# Tech Guys Settings On New Advent Laptop



## J2R2R (Jul 29, 2008)

I have a friend who has just bought an Advent laptop from PC World and has the Tech Guys crap on it. It has Vista Home and he is unable to download any software from the internet.

I have tried allowing setup programs to run after saving them and allowing them under exceptions in the Windows Firewall, turning Defender off, booting without startup items, etc. but keep getting an error message.

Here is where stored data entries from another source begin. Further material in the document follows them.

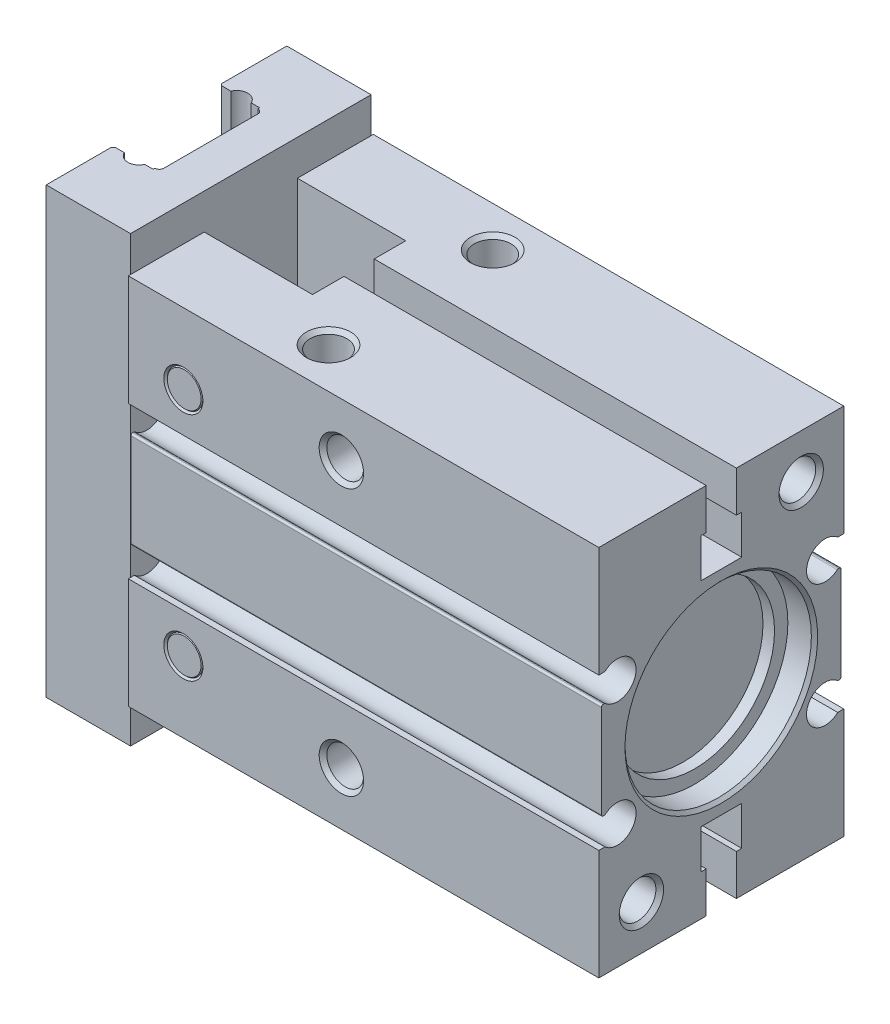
ISO-10303-21;
HEADER;
FILE_DESCRIPTION(('STEP AP214'),'2;1');
FILE_NAME('part.step','',(''),(''),'','','');
FILE_SCHEMA(('AUTOMOTIVE_DESIGN { 1 0 10303 214 1 1 1 1 }'));
ENDSEC;
DATA;
#1=APPLICATION_CONTEXT('core data for automotive mechanical design processes');
#2=APPLICATION_PROTOCOL_DEFINITION('international standard','automotive_design',2000,#1);
#3=PRODUCT_CONTEXT('',#1,'mechanical');
#4=PRODUCT('Part','Part','',(#3));
#5=PRODUCT_RELATED_PRODUCT_CATEGORY('part','',(#4));
#6=PRODUCT_DEFINITION_FORMATION('','',#4);
#7=PRODUCT_DEFINITION_CONTEXT('part definition',#1,'design');
#8=PRODUCT_DEFINITION('design','',#6,#7);
#9=PRODUCT_DEFINITION_SHAPE('','',#8);
#10=(LENGTH_UNIT() NAMED_UNIT(*) SI_UNIT(.MILLI.,.METRE.));
#11=(NAMED_UNIT(*) PLANE_ANGLE_UNIT() SI_UNIT($,.RADIAN.));
#12=(NAMED_UNIT(*) SI_UNIT($,.STERADIAN.) SOLID_ANGLE_UNIT());
#13=UNCERTAINTY_MEASURE_WITH_UNIT(LENGTH_MEASURE(1.E-05),#10,'distance_accuracy_value','');
#14=(GEOMETRIC_REPRESENTATION_CONTEXT(3) GLOBAL_UNCERTAINTY_ASSIGNED_CONTEXT((#13)) GLOBAL_UNIT_ASSIGNED_CONTEXT((#10,
#11,#12)) REPRESENTATION_CONTEXT('',''));
#15=CARTESIAN_POINT('',(0.,0.,0.));
#16=DIRECTION('',(0.,0.,1.));
#17=DIRECTION('',(1.,0.,0.));
#18=AXIS2_PLACEMENT_3D('',#15,#16,#17);
#19=CARTESIAN_POINT('',(-62.5,0.,0.));
#20=DIRECTION('',(1.,0.,0.));
#21=DIRECTION('',(0.,0.,-1.));
#22=AXIS2_PLACEMENT_3D('',#19,#20,#21);
#23=PLANE('',#22);
#24=DIRECTION('',(0.,0.,-1.));
#25=VECTOR('',#24,1.);
#26=CARTESIAN_POINT('',(-62.5,-25.,13.55));
#27=LINE('',#26,#25);
#28=CARTESIAN_POINT('',(-62.5,-25.,-6.21213203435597));
#29=VERTEX_POINT('',#28);
#30=CARTESIAN_POINT('',(-62.5,-25.,-13.55));
#31=VERTEX_POINT('',#30);
#32=EDGE_CURVE('E538',#29,#31,#27,.T.);
#33=ORIENTED_EDGE('',*,*,#32,.F.);
#34=DIRECTION('',(0.,1.,0.));
#35=VECTOR('',#34,1.);
#36=CARTESIAN_POINT('',(-62.5,-25.,-6.21213203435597));
#37=LINE('',#36,#35);
#38=CARTESIAN_POINT('',(-62.5,25.,-6.21213203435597));
#39=VERTEX_POINT('',#38);
#40=EDGE_CURVE('E548',#29,#39,#37,.T.);
#41=ORIENTED_EDGE('',*,*,#40,.T.);
#42=DIRECTION('',(0.,0.,1.));
#43=VECTOR('',#42,1.);
#44=CARTESIAN_POINT('',(-62.5,25.,-13.55));
#45=LINE('',#44,#43);
#46=CARTESIAN_POINT('',(-62.5,25.,-13.55));
#47=VERTEX_POINT('',#46);
#48=EDGE_CURVE('E528',#47,#39,#45,.T.);
#49=ORIENTED_EDGE('',*,*,#48,.F.);
#50=DIRECTION('',(0.,1.,0.));
#51=VECTOR('',#50,1.);
#52=CARTESIAN_POINT('',(-62.5,-25.,-13.55));
#53=LINE('',#52,#51);
#54=EDGE_CURVE('E541',#31,#47,#53,.T.);
#55=ORIENTED_EDGE('',*,*,#54,.F.);
#56=EDGE_LOOP('',(#33,#41,#49,#55));
#57=FACE_BOUND('',#56,.T.);
#58=ADVANCED_FACE('F16',(#57),#23,.F.);
#59=CARTESIAN_POINT('',(-53.,7.,11.7));
#60=DIRECTION('',(-1.,0.,0.));
#61=DIRECTION('',(0.,0.,1.));
#62=AXIS2_PLACEMENT_3D('',#59,#60,#61);
#63=PLANE('',#62);
#64=DIRECTION('',(0.,0.,-1.));
#65=VECTOR('',#64,1.);
#66=CARTESIAN_POINT('',(-53.,-21.,-1.7));
#67=LINE('',#66,#65);
#68=CARTESIAN_POINT('',(-53.,-21.,-13.55));
#69=VERTEX_POINT('',#68);
#70=CARTESIAN_POINT('',(-53.,-21.,-13.8));
#71=VERTEX_POINT('',#70);
#72=EDGE_CURVE('E762',#69,#71,#67,.T.);
#73=ORIENTED_EDGE('',*,*,#72,.F.);
#74=DIRECTION('',(0.,1.,0.));
#75=VECTOR('',#74,1.);
#76=CARTESIAN_POINT('',(-53.,-25.,-13.55));
#77=LINE('',#76,#75);
#78=CARTESIAN_POINT('',(-53.,-8.55,-13.55));
#79=VERTEX_POINT('',#78);
#80=EDGE_CURVE('E533',#69,#79,#77,.T.);
#81=ORIENTED_EDGE('',*,*,#80,.T.);
#82=DIRECTION('',(0.,0.,1.));
#83=VECTOR('',#82,1.);
#84=CARTESIAN_POINT('',(-53.,-8.55,-13.8));
#85=LINE('',#84,#83);
#86=CARTESIAN_POINT('',(-53.,-8.55,-13.8));
#87=VERTEX_POINT('',#86);
#88=EDGE_CURVE('E769',#87,#79,#85,.T.);
#89=ORIENTED_EDGE('',*,*,#88,.F.);
#90=DIRECTION('',(0.,1.,0.));
#91=VECTOR('',#90,1.);
#92=CARTESIAN_POINT('',(-53.,-21.,-13.8));
#93=LINE('',#92,#91);
#94=EDGE_CURVE('E766',#71,#87,#93,.T.);
#95=ORIENTED_EDGE('',*,*,#94,.F.);
#96=EDGE_LOOP('',(#73,#81,#89,#95));
#97=FACE_BOUND('',#96,.T.);
#98=ADVANCED_FACE('F1111',(#97),#63,.T.);
#99=DIRECTION('',(0.,0.,-1.));
#100=VECTOR('',#99,1.);
#101=CARTESIAN_POINT('',(-53.,8.55,-13.1168627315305));
#102=LINE('',#101,#100);
#103=CARTESIAN_POINT('',(-53.,8.55,-13.55));
#104=VERTEX_POINT('',#103);
#105=CARTESIAN_POINT('',(-53.,8.55,-13.8));
#106=VERTEX_POINT('',#105);
#107=EDGE_CURVE('E799',#104,#106,#102,.T.);
#108=ORIENTED_EDGE('',*,*,#107,.F.);
#109=CARTESIAN_POINT('',(-53.,21.,-13.55));
#110=VERTEX_POINT('',#109);
#111=EDGE_CURVE('E1099',#104,#110,#77,.T.);
#112=ORIENTED_EDGE('',*,*,#111,.T.);
#113=DIRECTION('',(0.,0.,1.));
#114=VECTOR('',#113,1.);
#115=CARTESIAN_POINT('',(-53.,21.,-13.8));
#116=LINE('',#115,#114);
#117=CARTESIAN_POINT('',(-53.,21.,-13.8));
#118=VERTEX_POINT('',#117);
#119=EDGE_CURVE('E806',#118,#110,#116,.T.);
#120=ORIENTED_EDGE('',*,*,#119,.F.);
#121=DIRECTION('',(0.,1.,0.));
#122=VECTOR('',#121,1.);
#123=CARTESIAN_POINT('',(-53.,8.55,-13.8));
#124=LINE('',#123,#122);
#125=EDGE_CURVE('E803',#106,#118,#124,.T.);
#126=ORIENTED_EDGE('',*,*,#125,.F.);
#127=EDGE_LOOP('',(#108,#112,#120,#126));
#128=FACE_BOUND('',#127,.T.);
#129=ADVANCED_FACE('F1138',(#128),#63,.T.);
#130=DIRECTION('',(0.,0.,1.));
#131=VECTOR('',#130,1.);
#132=CARTESIAN_POINT('',(-53.,21.,1.7));
#133=LINE('',#132,#131);
#134=CARTESIAN_POINT('',(-53.,21.,13.55));
#135=VERTEX_POINT('',#134);
#136=CARTESIAN_POINT('',(-53.,21.,13.8));
#137=VERTEX_POINT('',#136);
#138=EDGE_CURVE('E717',#135,#137,#133,.T.);
#139=ORIENTED_EDGE('',*,*,#138,.F.);
#140=DIRECTION('',(0.,-1.,0.));
#141=VECTOR('',#140,1.);
#142=CARTESIAN_POINT('',(-53.,25.,13.55));
#143=LINE('',#142,#141);
#144=CARTESIAN_POINT('',(-53.,8.55,13.55));
#145=VERTEX_POINT('',#144);
#146=EDGE_CURVE('E11',#135,#145,#143,.T.);
#147=ORIENTED_EDGE('',*,*,#146,.T.);
#148=DIRECTION('',(0.,0.,-1.));
#149=VECTOR('',#148,1.);
#150=CARTESIAN_POINT('',(-53.,8.55,13.8));
#151=LINE('',#150,#149);
#152=CARTESIAN_POINT('',(-53.,8.55,13.8));
#153=VERTEX_POINT('',#152);
#154=EDGE_CURVE('E721',#153,#145,#151,.T.);
#155=ORIENTED_EDGE('',*,*,#154,.F.);
#156=DIRECTION('',(0.,-1.,0.));
#157=VECTOR('',#156,1.);
#158=CARTESIAN_POINT('',(-53.,21.,13.8));
#159=LINE('',#158,#157);
#160=EDGE_CURVE('E716',#137,#153,#159,.T.);
#161=ORIENTED_EDGE('',*,*,#160,.F.);
#162=EDGE_LOOP('',(#139,#147,#155,#161));
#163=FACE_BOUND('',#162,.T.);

Not too familiar with Vista and what these Tech Guys do to poison the operating system like they did with other internet protection pop ups expecting him to purchase something from one of their subsidiaries I managed to stop these and get rid of them, but cannot get passed this hurdle. I probably could if I had the time but need an answer as I haven’t got too much time.

Does anyone know of a setting within the Vista system which can permit this or of a hidden firewall poisoning from Tech Guys?

In a nutshell, he isn’t being allowed to install what he wants on his laptop which is like these Tech guys trying to take advantage of the non-technical user, whereas I have Vista on mine but have never come across this problem – but I didn’t buy mine from PC World and it didn’t have any additional chain store crap on it.

I don’t want him to have to pay to go to these Tech Guys who are holding him to ransom and want to sort it out for him.


----------